Stored entries:

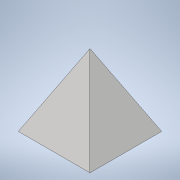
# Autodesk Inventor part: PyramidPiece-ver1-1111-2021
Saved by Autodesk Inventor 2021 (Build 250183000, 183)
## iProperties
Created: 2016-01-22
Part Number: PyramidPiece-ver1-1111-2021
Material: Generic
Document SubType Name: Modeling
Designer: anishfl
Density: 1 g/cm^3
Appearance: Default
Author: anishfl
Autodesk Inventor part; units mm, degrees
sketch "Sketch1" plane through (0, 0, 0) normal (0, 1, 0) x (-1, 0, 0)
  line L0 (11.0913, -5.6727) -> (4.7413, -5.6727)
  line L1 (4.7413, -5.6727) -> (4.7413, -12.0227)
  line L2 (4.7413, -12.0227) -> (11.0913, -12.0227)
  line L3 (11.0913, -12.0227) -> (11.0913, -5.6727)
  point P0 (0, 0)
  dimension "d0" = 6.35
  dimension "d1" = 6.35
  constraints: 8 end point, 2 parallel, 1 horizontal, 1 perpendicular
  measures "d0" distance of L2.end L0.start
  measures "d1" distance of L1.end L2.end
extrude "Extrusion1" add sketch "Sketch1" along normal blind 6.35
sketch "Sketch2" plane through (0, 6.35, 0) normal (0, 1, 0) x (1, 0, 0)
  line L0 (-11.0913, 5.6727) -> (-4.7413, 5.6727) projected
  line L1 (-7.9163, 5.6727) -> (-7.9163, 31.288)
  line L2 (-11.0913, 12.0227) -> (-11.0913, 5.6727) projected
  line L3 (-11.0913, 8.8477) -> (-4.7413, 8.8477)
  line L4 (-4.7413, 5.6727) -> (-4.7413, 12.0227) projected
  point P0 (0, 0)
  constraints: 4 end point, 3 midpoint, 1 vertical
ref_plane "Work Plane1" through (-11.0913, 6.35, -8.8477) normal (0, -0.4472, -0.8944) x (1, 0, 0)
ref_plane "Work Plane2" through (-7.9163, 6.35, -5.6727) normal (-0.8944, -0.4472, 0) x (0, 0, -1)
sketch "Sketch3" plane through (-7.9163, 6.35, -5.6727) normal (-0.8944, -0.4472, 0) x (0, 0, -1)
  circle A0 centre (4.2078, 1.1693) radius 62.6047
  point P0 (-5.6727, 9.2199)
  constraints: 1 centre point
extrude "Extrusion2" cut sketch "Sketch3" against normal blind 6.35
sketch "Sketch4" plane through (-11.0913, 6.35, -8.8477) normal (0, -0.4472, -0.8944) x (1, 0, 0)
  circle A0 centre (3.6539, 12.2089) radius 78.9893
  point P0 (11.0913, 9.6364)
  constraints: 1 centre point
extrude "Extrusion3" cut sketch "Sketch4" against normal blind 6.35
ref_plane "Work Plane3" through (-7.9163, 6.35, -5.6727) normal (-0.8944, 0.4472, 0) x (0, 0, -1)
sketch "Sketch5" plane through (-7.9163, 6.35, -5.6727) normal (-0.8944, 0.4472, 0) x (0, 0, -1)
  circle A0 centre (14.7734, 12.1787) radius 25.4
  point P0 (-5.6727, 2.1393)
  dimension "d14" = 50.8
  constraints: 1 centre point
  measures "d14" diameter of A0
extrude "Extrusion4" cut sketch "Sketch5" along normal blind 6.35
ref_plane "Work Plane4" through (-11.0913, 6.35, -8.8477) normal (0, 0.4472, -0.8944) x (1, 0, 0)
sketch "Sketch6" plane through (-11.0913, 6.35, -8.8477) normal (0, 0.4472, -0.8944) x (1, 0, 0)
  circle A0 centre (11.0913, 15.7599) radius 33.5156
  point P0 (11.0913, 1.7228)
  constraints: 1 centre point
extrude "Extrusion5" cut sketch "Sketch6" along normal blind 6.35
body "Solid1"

• Task details: Report back every line of the entries in which "radius" occurs.

• Response to the task:
  circle A0 centre (4.2078, 1.1693) radius 62.6047
  circle A0 centre (3.6539, 12.2089) radius 78.9893
  circle A0 centre (14.7734, 12.1787) radius 25.4
  circle A0 centre (11.0913, 15.7599) radius 33.5156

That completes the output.